Market-driven extension key for agri-business growth
WITH the agriculture industry experiencing robust growth and transformation driven by Government programmes, actors in the industry are calling for market-driven extension services to influence production.
Knowledge Transfer Africa Zimbabwe chief executive officer Dr Charles Dhewa recently observed that as the country transitioned towards rural industrialisation backed by cost-effective agricultural production, market driven extension was key in ensuring that everything that farmers produce is influenced by market demand.
“We need to focus on production outputs as they influence value addition, profiteering, production continuity and more importantly policy formulation,” said Dr Dhewa.
Market driven extension can be created by equipping small-scale farmers with market intelligence and data for them to strike a balance between produce volumes and market uptake.
Dr Dhewa highlighted that the country’s extension services were very good but did not listen to markets and what happened after food is produced.
Knowledge Transfer Africa Zimbabwe is a smart agri-tech company that monitors and captures market data in the country’s key markets.
Market data can assist in creation of production zones according to agro ecological conditions in the wake of climate change.

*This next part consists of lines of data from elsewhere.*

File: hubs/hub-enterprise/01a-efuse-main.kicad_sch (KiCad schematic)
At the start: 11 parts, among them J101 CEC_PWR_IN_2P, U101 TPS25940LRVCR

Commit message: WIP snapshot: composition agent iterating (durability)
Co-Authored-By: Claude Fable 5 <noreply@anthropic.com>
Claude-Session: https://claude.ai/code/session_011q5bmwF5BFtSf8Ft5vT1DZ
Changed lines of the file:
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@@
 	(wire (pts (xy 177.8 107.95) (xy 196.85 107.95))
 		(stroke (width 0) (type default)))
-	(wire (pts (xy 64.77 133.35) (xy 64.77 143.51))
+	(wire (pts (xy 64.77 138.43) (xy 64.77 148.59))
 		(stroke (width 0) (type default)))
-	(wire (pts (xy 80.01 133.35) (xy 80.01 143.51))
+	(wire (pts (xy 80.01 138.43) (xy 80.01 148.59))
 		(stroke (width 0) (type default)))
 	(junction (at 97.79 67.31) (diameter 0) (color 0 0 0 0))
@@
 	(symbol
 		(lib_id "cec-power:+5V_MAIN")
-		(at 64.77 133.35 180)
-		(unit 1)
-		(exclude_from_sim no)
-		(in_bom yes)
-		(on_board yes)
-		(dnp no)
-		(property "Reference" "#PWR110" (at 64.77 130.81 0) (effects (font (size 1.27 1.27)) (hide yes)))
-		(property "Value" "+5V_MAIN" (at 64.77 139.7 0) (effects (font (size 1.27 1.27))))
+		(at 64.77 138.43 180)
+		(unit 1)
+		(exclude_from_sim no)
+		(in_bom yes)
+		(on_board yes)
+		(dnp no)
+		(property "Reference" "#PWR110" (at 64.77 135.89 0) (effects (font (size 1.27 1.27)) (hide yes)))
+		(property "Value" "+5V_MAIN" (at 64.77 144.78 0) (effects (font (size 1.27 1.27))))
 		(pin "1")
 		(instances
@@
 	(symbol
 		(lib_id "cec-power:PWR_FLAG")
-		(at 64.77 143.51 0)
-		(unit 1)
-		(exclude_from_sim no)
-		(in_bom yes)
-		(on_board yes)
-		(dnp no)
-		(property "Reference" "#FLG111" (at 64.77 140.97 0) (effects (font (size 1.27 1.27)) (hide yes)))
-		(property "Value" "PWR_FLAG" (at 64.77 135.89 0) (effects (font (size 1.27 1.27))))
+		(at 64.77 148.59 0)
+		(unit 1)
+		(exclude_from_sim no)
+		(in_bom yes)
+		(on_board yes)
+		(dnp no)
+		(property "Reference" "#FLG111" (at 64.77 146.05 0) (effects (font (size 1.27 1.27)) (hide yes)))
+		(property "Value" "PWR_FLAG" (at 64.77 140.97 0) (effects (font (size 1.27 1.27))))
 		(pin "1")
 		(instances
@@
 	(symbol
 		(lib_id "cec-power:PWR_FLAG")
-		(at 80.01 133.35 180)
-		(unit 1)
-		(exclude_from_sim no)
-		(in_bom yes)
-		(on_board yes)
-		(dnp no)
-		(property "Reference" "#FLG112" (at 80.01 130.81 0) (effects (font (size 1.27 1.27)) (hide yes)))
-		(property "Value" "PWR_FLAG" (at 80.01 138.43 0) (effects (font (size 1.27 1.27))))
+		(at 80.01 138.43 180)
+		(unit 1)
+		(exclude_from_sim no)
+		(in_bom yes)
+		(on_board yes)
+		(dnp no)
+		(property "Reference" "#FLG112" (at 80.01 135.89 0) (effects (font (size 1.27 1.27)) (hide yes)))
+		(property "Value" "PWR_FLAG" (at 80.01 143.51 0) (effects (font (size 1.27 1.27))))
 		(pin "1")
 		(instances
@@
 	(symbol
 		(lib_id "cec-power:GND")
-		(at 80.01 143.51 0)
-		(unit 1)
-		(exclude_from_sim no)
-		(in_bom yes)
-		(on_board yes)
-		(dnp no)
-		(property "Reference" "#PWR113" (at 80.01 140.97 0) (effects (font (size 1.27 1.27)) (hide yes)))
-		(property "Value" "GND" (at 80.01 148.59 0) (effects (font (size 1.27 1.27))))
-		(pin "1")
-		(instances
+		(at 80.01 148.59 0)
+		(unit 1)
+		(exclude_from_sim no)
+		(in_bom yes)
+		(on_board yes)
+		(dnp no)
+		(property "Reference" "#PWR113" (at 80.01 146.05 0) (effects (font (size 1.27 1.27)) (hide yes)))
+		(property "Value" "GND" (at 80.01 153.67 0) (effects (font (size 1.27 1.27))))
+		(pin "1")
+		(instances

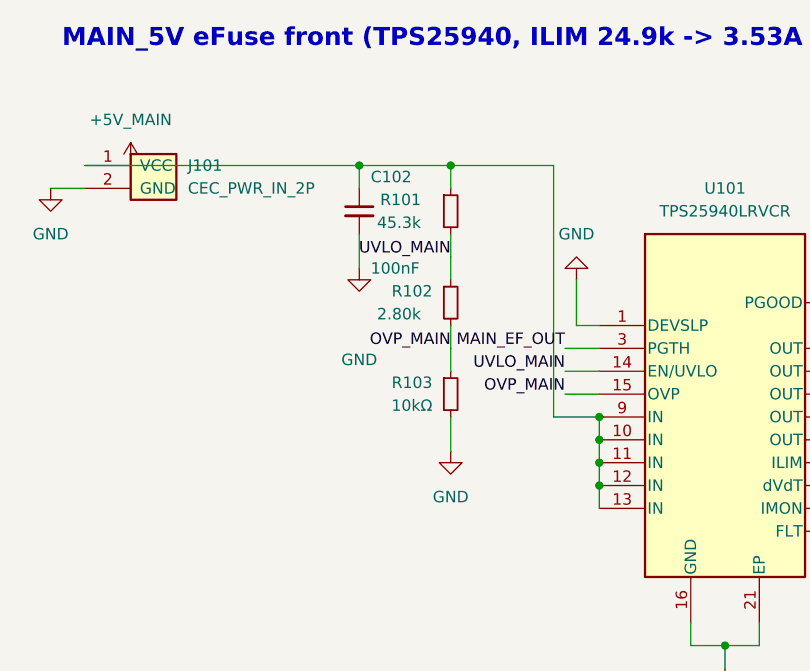
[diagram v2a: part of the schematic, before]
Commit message: Standard-tier synthesis: beta-line plan + 11-item owner decision list
Synthesis of the six-report review pass (SYNTHESIS-beta-plan.md):
measured fleet-reality table (Hub nearest to sellable but CI-red on the
shared USB-C footprint defect found on three boards; 12VHPWR near with
one genuinely shipped defect — the never-fixed U4/U3 REF thermal
coupling; the MANDATORY 24-pin is the critical path with a live rev2
erratum and a DETECT placeholder in the reference schematic; EPS and
both PCIe boards are placement-only with zero copper despite docs
claiming otherwise — stale in our favor on C6/FTP). Eight-item
no-decision hygiene wave (W1-W8) ready to run under the beta flag;
eleven deduped owner decisions (D-1..D-11) led by kit/cable SKUs that
don't exist, the 24-pin rev3a-vs-full-respin scope call, and SKU
collapse options (single PCIe board, EPS-1 population). Owner-queue row
updated to point at the D-list.

Co-Authored-By: Claude Fable 5 <noreply@anthropic.com>
Claude-Session: https://claude.ai/code/session_011q5bmwF5BFtSf8Ft5vT1DZ
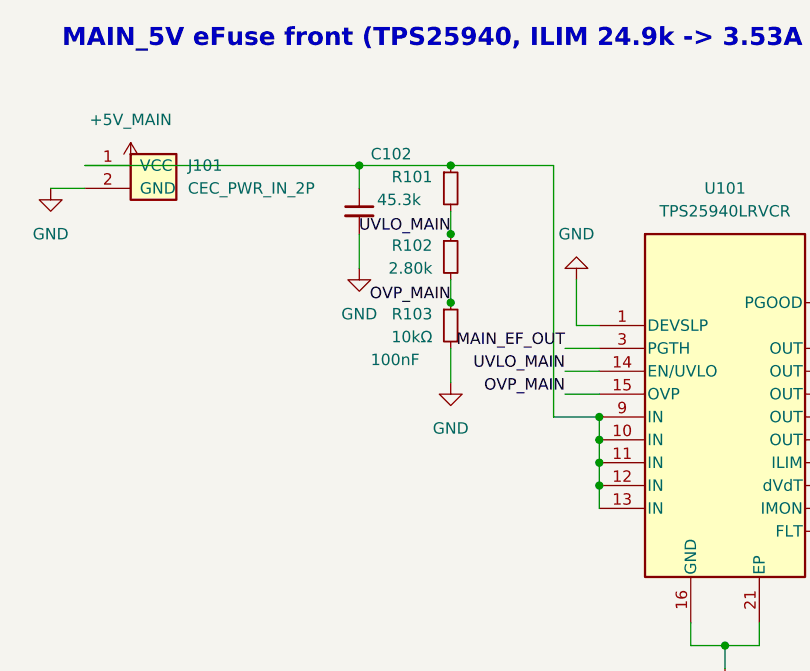
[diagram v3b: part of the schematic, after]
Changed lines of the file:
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@@
 	(symbol
 		(lib_id "cec-vendor:R_Small")
-		(at 113.03 72.39 0)
-		(unit 1)
-		(exclude_from_sim no)
-		(in_bom yes)
-		(on_board yes)
-		(dnp no)
-		(fields_autoplaced yes)
-		(property "Reference" "R101" (at 109.728 71.12 0) (effects (font (size 1.27 1.27)) (justify right)))
-		(property "Value" "45.3k" (at 109.728 73.66 0) (effects (font (size 1.27 1.27)) (justify right)))
-		(property "Footprint" "cec-Resistor_SMD:R_0402_1005Metric" (at 113.03 72.39 0) (effects (font (size 1.27 1.27)) (hide yes)))
-		(property "Datasheet" "" (at 113.03 72.39 0) (effects (font (size 1.27 1.27)) (hide yes)))
-		(property "Manufacturer" "UNI-ROYAL" (at 113.03 72.39 0) (effects (font (size 1.27 1.27)) (hide yes)))
-		(property "MPN" "0402WGF4532TCE" (at 113.03 72.39 0) (effects (font (size 1.27 1.27)) (hide yes)))
-		(property "Description" "UVLO/OVLO divider top, MAIN_5V eFuse" (at 113.03 72.39 0) (effects (font (size 1.27 1.27)) (hide yes)))
+		(at 113.03 69.85 0)
+		(unit 1)
+		(exclude_from_sim no)
+		(in_bom yes)
+		(on_board yes)
+		(dnp no)
+		(fields_autoplaced yes)
+		(property "Reference" "R101" (at 110.998 68.58 0) (effects (font (size 1.27 1.27)) (justify right)))
+		(property "Value" "45.3k" (at 109.728 71.12 0) (effects (font (size 1.27 1.27)) (justify right)))
+		(property "Footprint" "cec-Resistor_SMD:R_0402_1005Metric" (at 113.03 69.85 0) (effects (font (size 1.27 1.27)) (hide yes)))
+		(property "Datasheet" "" (at 113.03 69.85 0) (effects (font (size 1.27 1.27)) (hide yes)))
+		(property "Manufacturer" "UNI-ROYAL" (at 113.03 69.85 0) (effects (font (size 1.27 1.27)) (hide yes)))
+		(property "MPN" "0402WGF4532TCE" (at 113.03 69.85 0) (effects (font (size 1.27 1.27)) (hide yes)))
+		(property "Description" "UVLO/OVLO divider top, MAIN_5V eFuse" (at 113.03 69.85 0) (effects (font (size 1.27 1.27)) (hide yes)))
 		(pin "1")
 		(pin "2")
@@
 	(symbol
 		(lib_id "cec-vendor:R_Small")
-		(at 113.03 82.55 0)
-		(unit 1)
-		(exclude_from_sim no)
-		(in_bom yes)
-		(on_board yes)
-		(dnp no)
-		(fields_autoplaced yes)
-		(property "Reference" "R102" (at 110.998 81.28 0) (effects (font (size 1.27 1.27)) (justify right)))
-		(property "Value" "2.80k" (at 109.728 83.82 0) (effects (font (size 1.27 1.27)) (justify right)))
-		(property "Footprint" "cec-Resistor_SMD:R_0402_1005Metric" (at 113.03 82.55 0) (effects (font (size 1.27 1.27)) (hide yes)))
-		(property "Datasheet" "" (at 113.03 82.55 0) (effects (font (size 1.27 1.27)) (hide yes)))
-		(property "Manufacturer" "UNI-ROYAL" (at 113.03 82.55 0) (effects (font (size 1.27 1.27)) (hide yes)))
-		(property "MPN" "0402WGF2801TCE" (at 113.03 82.55 0) (effects (font (size 1.27 1.27)) (hide yes)))
-		(property "Description" "UVLO/OVLO divider mid, MAIN_5V eFuse" (at 113.03 82.55 0) (effects (font (size 1.27 1.27)) (hide yes)))
+		(at 113.03 77.47 0)
+		(unit 1)
+		(exclude_from_sim no)
+		(in_bom yes)
+		(on_board yes)
+		(dnp no)
+		(fields_autoplaced yes)
+		(property "Reference" "R102" (at 110.998 76.2 0) (effects (font (size 1.27 1.27)) (justify right)))
+		(property "Value" "2.80k" (at 110.998 78.74 0) (effects (font (size 1.27 1.27)) (justify right)))
+		(property "Footprint" "cec-Resistor_SMD:R_0402_1005Metric" (at 113.03 77.47 0) (effects (font (size 1.27 1.27)) (hide yes)))
+		(property "Datasheet" "" (at 113.03 77.47 0) (effects (font (size 1.27 1.27)) (hide yes)))
+		(property "Manufacturer" "UNI-ROYAL" (at 113.03 77.47 0) (effects (font (size 1.27 1.27)) (hide yes)))
+		(property "MPN" "0402WGF2801TCE" (at 113.03 77.47 0) (effects (font (size 1.27 1.27)) (hide yes)))
+		(property "Description" "UVLO/OVLO divider mid, MAIN_5V eFuse" (at 113.03 77.47 0) (effects (font (size 1.27 1.27)) (hide yes)))
 		(pin "1")
 		(pin "2")
@@
 	(symbol
 		(lib_id "cec-vendor:R_Small")
-		(at 113.03 92.71 0)
-		(unit 1)
-		(exclude_from_sim no)
-		(in_bom yes)
-		(on_board yes)
-		(dnp no)
-		(fields_autoplaced yes)
-		(property "Reference" "R103" (at 110.998 91.44 0) (effects (font (size 1.27 1.27)) (justify right)))
-		(property "Value" "10kΩ" (at 110.998 93.98 0) (effects (font (size 1.27 1.27)) (justify right)))
-		(property "Footprint" "cec-Resistor_SMD:R_0402_1005Metric" (at 113.03 92.71 0) (effects (font (size 1.27 1.27)) (hide yes)))
-		(property "Datasheet" "" (at 113.03 92.71 0) (effects (font (size 1.27 1.27)) (hide yes)))
-		(property "Manufacturer" "UNI-ROYAL" (at 113.03 92.71 0) (effects (font (size 1.27 1.27)) (hide yes)))
-		(property "MPN" "0402WGF1002TCE" (at 113.03 92.71 0) (effects (font (size 1.27 1.27)) (hide yes)))
-		(property "LCSC" "C25744" (at 113.03 92.71 0) (effects (font (size 1.27 1.27)) (hide yes)))
-		(property "Description" "UVLO/OVLO divider bottom, MAIN_5V eFuse" (at 113.03 92.71 0) (effects (font (size 1.27 1.27)) (hide yes)))
+		(at 113.03 85.09 0)
+		(unit 1)
+		(exclude_from_sim no)
+		(in_bom yes)
+		(on_board yes)
+		(dnp no)
+		(fields_autoplaced yes)
+		(property "Reference" "R103" (at 110.998 83.82 0) (effects (font (size 1.27 1.27)) (justify right)))
+		(property "Value" "10kΩ" (at 110.998 86.36 0) (effects (font (size 1.27 1.27)) (justify right)))
+		(property "Footprint" "cec-Resistor_SMD:R_0402_1005Metric" (at 113.03 85.09 0) (effects (font (size 1.27 1.27)) (hide yes)))
+		(property "Datasheet" "" (at 113.03 85.09 0) (effects (font (size 1.27 1.27)) (hide yes)))
+		(property "Manufacturer" "UNI-ROYAL" (at 113.03 85.09 0) (effects (font (size 1.27 1.27)) (hide yes)))
+		(property "MPN" "0402WGF1002TCE" (at 113.03 85.09 0) (effects (font (size 1.27 1.27)) (hide yes)))
+		(property "LCSC" "C25744" (at 113.03 85.09 0) (effects (font (size 1.27 1.27)) (hide yes)))
+		(property "Description" "UVLO/OVLO divider bottom, MAIN_5V eFuse" (at 113.03 85.09 0) (effects (font (size 1.27 1.27)) (hide yes)))
 		(pin "1")
 		(pin "2")
@@
 		(dnp no)
 		(fields_autoplaced yes)
-		(property "Reference" "C102" (at 104.14 68.58 0) (effects (font (size 1.27 1.27)) (justify left)))
-		(property "Value" "100nF" (at 104.14 78.74 0) (effects (font (size 1.27 1.27)) (justify left)))
+		(property "Reference" "C102" (at 104.14 66.04 0) (effects (font (size 1.27 1.27)) (justify left)))
+		(property "Value" "100nF" (at 104.14 88.9 0) (effects (font (size 1.27 1.27)) (justify left)))
 		(property "Footprint" "cec-Capacitor_SMD:C_0402_1005Metric" (at 102.87 72.39 0) (effects (font (size 1.27 1.27)) (hide yes)))
 		(property "Datasheet" "" (at 102.87 72.39 0) (effects (font (size 1.27 1.27)) (hide yes)))
@@
 	(wire (pts (xy 102.87 67.31) (xy 102.87 69.85))
 		(stroke (width 0) (type default)))
-	(wire (pts (xy 113.03 67.31) (xy 113.03 69.85))
-		(stroke (width 0) (type default)))
-	(wire (pts (xy 113.03 74.93) (xy 113.03 77.47))
-		(stroke (width 0) (type default)))
-	(wire (pts (xy 113.03 77.47) (xy 113.03 80.01))
-		(stroke (width 0) (type default)))
-	(wire (pts (xy 113.03 85.09) (xy 113.03 87.63))
-		(stroke (width 0) (type default)))
-	(wire (pts (xy 113.03 87.63) (xy 113.03 90.17))
+	(wire (pts (xy 113.03 72.39) (xy 113.03 74.93))
+		(stroke (width 0) (type default)))
+	(wire (pts (xy 113.03 74.93) (xy 113.03 74.93))
+		(stroke (width 0) (type default)))
+	(wire (pts (xy 113.03 80.01) (xy 113.03 82.55))
+		(stroke (width 0) (type default)))
+	(wire (pts (xy 113.03 82.55) (xy 113.03 82.55))
 		(stroke (width 0) (type default)))
 	(wire (pts (xy 124.46 67.31) (xy 124.46 95.25))
@@
 	(wire (pts (xy 72.39 69.85) (xy 68.58 69.85))
 		(stroke (width 0) (type default)))
-	(wire (pts (xy 113.03 95.25) (xy 113.03 99.06))
+	(wire (pts (xy 113.03 87.63) (xy 113.03 91.44))
 		(stroke (width 0) (type default)))
 	(wire (pts (xy 165.1 115.57) (xy 165.1 119.38))
@@
 	(junction (at 102.87 67.31) (diameter 0) (color 0 0 0 0))
 	(junction (at 113.03 67.31) (diameter 0) (color 0 0 0 0))
+	(junction (at 113.03 74.93) (diameter 0) (color 0 0 0 0))
+	(junction (at 113.03 82.55) (diameter 0) (color 0 0 0 0))
 	(junction (at 129.54 95.25) (diameter 0) (color 0 0 0 0))
 	(junction (at 129.54 97.79) (diameter 0) (color 0 0 0 0))
@@
 	(junction (at 175.26 82.55) (diameter 0) (color 0 0 0 0))
 	(junction (at 175.26 107.95) (diameter 0) (color 0 0 0 0))
-	(label "UVLO_MAIN" (at 113.03 77.47 180) (effects (font (size 1.27 1.27)) (justify right bottom)))
-	(label "OVP_MAIN" (at 113.03 87.63 180) (effects (font (size 1.27 1.27)) (justify right bottom)))
+	(label "UVLO_MAIN" (at 113.03 74.93 180) (effects (font (size 1.27 1.27)) (justify right bottom)))
+	(label "OVP_MAIN" (at 113.03 82.55 180) (effects (font (size 1.27 1.27)) (justify right bottom)))
 	(label "ILIM_MAIN" (at 160.02 100.33 0) (effects (font (size 1.27 1.27)) (justify left bottom)))
 	(label "UVLO_MAIN" (at 125.73 90.17 180) (effects (font (size 1.27 1.27)) (justify right bottom)))
@@
 	(symbol
 		(lib_id "cec-power:GND")
-		(at 113.03 99.06 0)
-		(unit 1)
-		(exclude_from_sim no)
-		(in_bom yes)
-		(on_board yes)
-		(dnp no)
-		(property "Reference" "#PWR105" (at 113.03 96.52 0) (effects (font (size 1.27 1.27)) (hide yes)))
-		(property "Value" "GND" (at 113.03 104.14 0) (effects (font (size 1.27 1.27))))
+		(at 113.03 91.44 0)
+		(unit 1)
+		(exclude_from_sim no)
+		(in_bom yes)
+		(on_board yes)
+		(dnp no)
+		(property "Reference" "#PWR105" (at 113.03 88.9 0) (effects (font (size 1.27 1.27)) (hide yes)))
+		(property "Value" "GND" (at 113.03 96.52 0) (effects (font (size 1.27 1.27))))
 		(pin "1")
 		(instances
@@
 		(dnp no)
 		(property "Reference" "#PWR108" (at 102.87 76.2 0) (effects (font (size 1.27 1.27)) (hide yes)))
-		(property "Value" "GND" (at 102.87 88.9 0) (effects (font (size 1.27 1.27))))
-		(pin "1")
-		(instances
+		(property "Value" "GND" (at 102.87 83.82 0) (effects (font (size 1.27 1.27))))
+		(pin "1")
+		(instances

“Collected data can be used to advise farmers on specific crops to produce rather than directionless production,” said Dr Dhewa.
The Ministry of Lands, Agriculture, Fisheries, Water and Rural Development is mainstreaming the notion of market driven agriculture at the heart of all agriculture processes through vigorous market surveys so that farmers can develop an appetite to produce that which is not available.
“As the Government is calling for business practices in farming, availing market data that can support in building business models around food production by ensuring that farmers produce according to demand,” said Dr Dhewa.
Moreover, market intelligence is key in ensuring that what is produced is tracked to the point at which it is consumed, which can assist in food security forecast.
“Without tracking food movements, it can be difficult to determine food security for different areas in the country,” said Dr Dhewa.
Furthermore, 60 percent of the country’s population produces agricultural commodities at a time the sector is experiencing growth therefore increasing food loses.
“We need to match production with demand for a dependable market offtake” said Dr Dhewa highlighting how linkages between farmers and the market created a market feedback, which is critical in regulating production therefore minimising post-harvest losses.
Post-harvest losses discourage small-scale farmers from non peri-urban areas from venturing into intensive commercial perishable crops production.
“We have to think critically about the demand base and then set up aggregation centres where commodities can be stored in production zones while looking for big markets that support the demand while balancing high yields and the market,” said Mr Dhewa.